Effects of wavelength and side lobes on Airy beam for optical coherence tomography

Optical coherence tomography system using a broad wavelength band Airy beam generated by a transmissive cubic phase mask. We experimentally show that the detrimental effects from the side lobes and wavelength dependent curvature are negligible.

A new near-infrared absorption and fluorescent probe based on bombesin for molecular imaging

We have developed a series of new dye bombesin conjugates for site-specific absorption and fluorescence imaging of human prostate and breast cancers. Bombesin (BBN), an amphibian analog to the endogenous ligand, binds to the gastrin releasing peptide (GRP) receptors with high specificity and affinity. Previously, we developed an Alexa Fluor 680-GGG-BBN peptide conjugate which demonstrated high binding affinity and specificity for breast cancer cells in the in vitro and in vivo tests (Ref: Ma et al., Molecular Imaging, vol. 6, no. 3, 2007: 171-180). This probe can not be used as an absorption probe in near-infrared imaging because its absorption peak is in the visible wavelength range. In addition, site specific longer wavelength fluorescent probe is desired for in vivo molecular imaging because long wavelength photons penetrate deeper into tissue. The new absorption and fluorescent probe we developed is based on the last eight-residues of BBN, -Q-W-A-V-G-H-L-M-(NH2), and labeled with AlexaFluor750 through a chemical linker, beta-alanine. The new probe, Alexa Fluor 750-BetaAla-BBN(7-14)NH2, exhibits optimal pharmacokinetics for specific targeting and optical imaging of the GRP receptor over-expressing cancer cells.

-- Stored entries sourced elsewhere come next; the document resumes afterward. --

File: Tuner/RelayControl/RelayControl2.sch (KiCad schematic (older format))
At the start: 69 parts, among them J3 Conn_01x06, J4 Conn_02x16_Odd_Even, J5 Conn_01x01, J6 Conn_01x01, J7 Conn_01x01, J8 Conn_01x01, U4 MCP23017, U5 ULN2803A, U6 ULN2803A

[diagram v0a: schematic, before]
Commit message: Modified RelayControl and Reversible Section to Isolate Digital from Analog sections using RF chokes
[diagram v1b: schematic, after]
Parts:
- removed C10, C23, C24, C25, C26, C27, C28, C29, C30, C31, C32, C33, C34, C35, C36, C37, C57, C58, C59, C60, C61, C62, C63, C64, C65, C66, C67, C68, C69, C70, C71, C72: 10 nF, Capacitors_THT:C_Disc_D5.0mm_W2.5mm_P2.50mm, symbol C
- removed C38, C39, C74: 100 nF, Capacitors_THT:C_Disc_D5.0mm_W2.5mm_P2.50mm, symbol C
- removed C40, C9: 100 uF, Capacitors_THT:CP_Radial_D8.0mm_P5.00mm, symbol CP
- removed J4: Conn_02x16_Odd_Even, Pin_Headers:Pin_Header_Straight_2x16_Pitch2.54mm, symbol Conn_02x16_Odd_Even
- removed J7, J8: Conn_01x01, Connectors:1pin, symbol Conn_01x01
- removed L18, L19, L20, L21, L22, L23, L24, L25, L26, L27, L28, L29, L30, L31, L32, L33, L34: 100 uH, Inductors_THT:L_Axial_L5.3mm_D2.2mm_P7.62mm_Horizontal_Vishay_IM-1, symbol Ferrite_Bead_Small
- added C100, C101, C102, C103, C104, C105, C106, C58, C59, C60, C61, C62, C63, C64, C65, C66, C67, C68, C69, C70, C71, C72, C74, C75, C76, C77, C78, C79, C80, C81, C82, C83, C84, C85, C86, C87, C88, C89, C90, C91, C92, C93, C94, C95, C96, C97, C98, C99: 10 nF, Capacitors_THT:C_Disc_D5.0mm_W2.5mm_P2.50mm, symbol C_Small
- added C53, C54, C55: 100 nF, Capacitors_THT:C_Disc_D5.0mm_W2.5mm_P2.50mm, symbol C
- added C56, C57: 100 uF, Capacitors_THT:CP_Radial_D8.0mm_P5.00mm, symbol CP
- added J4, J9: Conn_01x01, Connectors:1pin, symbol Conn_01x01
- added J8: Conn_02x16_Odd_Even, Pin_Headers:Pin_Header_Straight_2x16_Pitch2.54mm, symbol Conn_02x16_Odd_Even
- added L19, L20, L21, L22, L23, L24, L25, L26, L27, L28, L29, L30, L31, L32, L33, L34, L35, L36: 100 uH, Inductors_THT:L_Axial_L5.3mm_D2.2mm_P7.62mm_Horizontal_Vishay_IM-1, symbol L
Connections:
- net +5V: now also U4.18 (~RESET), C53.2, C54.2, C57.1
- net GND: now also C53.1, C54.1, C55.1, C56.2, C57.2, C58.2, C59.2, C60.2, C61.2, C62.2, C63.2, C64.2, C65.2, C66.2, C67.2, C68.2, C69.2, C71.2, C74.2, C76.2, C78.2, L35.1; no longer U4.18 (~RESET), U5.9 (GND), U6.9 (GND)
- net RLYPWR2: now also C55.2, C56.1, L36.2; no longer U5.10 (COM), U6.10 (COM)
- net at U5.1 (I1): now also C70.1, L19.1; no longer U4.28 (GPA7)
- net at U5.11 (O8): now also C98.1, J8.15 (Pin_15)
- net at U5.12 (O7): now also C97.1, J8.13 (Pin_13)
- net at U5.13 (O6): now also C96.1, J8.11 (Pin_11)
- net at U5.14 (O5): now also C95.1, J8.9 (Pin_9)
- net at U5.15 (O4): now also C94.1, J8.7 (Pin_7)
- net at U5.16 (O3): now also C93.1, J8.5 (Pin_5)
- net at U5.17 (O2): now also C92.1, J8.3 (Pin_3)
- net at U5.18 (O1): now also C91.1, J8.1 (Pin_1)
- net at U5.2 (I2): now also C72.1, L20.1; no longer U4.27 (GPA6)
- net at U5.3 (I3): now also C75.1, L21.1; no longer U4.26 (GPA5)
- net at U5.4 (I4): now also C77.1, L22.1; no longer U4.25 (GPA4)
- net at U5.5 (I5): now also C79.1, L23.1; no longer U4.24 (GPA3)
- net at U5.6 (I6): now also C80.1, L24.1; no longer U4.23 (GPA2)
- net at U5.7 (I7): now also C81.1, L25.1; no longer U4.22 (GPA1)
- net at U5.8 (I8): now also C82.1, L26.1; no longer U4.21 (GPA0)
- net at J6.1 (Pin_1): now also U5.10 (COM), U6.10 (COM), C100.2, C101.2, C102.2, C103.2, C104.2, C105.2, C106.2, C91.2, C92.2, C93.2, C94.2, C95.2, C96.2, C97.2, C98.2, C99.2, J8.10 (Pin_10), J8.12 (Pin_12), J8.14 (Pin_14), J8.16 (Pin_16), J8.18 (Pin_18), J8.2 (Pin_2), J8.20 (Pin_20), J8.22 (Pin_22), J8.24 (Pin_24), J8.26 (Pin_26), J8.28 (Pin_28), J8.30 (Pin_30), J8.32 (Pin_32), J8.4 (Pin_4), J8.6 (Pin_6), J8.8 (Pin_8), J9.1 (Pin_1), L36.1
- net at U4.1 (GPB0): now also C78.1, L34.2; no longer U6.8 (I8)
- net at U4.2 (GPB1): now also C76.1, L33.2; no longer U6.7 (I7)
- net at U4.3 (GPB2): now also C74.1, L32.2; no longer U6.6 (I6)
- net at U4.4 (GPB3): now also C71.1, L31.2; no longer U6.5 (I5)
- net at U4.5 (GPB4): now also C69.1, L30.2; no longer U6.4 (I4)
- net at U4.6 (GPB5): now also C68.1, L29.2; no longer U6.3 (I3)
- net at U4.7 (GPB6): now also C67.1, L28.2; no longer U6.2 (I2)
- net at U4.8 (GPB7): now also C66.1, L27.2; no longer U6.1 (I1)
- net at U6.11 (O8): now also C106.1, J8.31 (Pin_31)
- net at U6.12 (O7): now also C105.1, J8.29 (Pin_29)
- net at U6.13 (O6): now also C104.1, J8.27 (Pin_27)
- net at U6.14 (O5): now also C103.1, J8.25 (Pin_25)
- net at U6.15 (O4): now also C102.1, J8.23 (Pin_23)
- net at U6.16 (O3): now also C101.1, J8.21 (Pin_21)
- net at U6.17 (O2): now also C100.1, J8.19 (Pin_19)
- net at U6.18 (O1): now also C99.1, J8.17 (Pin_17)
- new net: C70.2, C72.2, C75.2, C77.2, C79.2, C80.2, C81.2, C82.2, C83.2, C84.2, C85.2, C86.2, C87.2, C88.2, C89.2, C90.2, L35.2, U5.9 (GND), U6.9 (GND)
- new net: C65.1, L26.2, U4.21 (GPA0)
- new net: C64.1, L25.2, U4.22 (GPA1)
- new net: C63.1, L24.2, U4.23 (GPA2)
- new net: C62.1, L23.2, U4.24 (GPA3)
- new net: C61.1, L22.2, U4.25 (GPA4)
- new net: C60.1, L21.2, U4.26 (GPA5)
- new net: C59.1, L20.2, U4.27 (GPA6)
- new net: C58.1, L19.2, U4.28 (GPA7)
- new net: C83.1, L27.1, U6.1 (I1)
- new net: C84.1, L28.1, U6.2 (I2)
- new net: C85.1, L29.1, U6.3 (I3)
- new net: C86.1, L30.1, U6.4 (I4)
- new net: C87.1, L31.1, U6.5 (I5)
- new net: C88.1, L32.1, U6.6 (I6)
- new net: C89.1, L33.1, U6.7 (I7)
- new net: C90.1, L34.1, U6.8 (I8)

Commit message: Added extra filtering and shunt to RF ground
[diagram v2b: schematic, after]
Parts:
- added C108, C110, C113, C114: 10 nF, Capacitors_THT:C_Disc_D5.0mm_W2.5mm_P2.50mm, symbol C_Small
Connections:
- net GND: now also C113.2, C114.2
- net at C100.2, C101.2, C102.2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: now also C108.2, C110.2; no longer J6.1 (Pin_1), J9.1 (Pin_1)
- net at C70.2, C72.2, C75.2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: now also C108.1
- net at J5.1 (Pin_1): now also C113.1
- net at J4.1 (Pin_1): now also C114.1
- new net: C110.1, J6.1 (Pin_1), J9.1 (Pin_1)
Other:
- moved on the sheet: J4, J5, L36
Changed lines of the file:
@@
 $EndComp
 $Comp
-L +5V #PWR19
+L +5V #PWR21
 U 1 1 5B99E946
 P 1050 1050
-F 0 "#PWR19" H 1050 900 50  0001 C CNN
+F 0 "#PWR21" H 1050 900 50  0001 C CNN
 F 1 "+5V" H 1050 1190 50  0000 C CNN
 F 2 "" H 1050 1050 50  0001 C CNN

Absorption spectrum has been measured and showed absorption peaks at 690nm, 720nm and 735nm. Fluorescent band is located at 755nm. In vitro and in vivo investigations have demonstrated the effectiveness of the new conjugates to specifically target human cancer cells overexpressing GRP receptors and tumor xenografts in severely compromised immunodeficient mouse model.

Using fluorescence molecular tomography for multimodality fusion imaging

Multimodality molecular imaging that combines anatomical and functional information has shown promise in development of tumor-targeted pharmaceuticals for cancer detection or therapy. Most multimodality imaging techniques are based on nuclear imaging modalities and MRI or CT. Fluorescence molecular tomography (FMT) is an emerging optical modality for non-invasive functional imaging and early diagnosis of carcinoma. Three-dimensional FMT can differentiate tissue physiological changes in vivo to provide functional information when used in conjunction with cancer cell selectively targeted probes. In this study, we present the design of such a system for multimodality molecular imaging. A frequency domain radio frequency technique based on commercial amateur radio equipment has been developed. A heterodyne method is used to transfer a low frequency oscillation into a single-side-band at radio frequency. The difference in phase, caused by fluorescence photon density wave, is detected between a transmitting fiber and a receiving fiber bundle, and then measured at lower frequency after demodulation. To achieve multimodality molecular imaging, a new fluorescent labeled tumor-targeting probe, fluorescent bombesin conjugates, has been developed with high affinity and specificity for targeting breast cancer cells. The developed multimodality fusion strategy will provide increased sensitivity/specificity for cancer cells, with respect to any single imaging modality.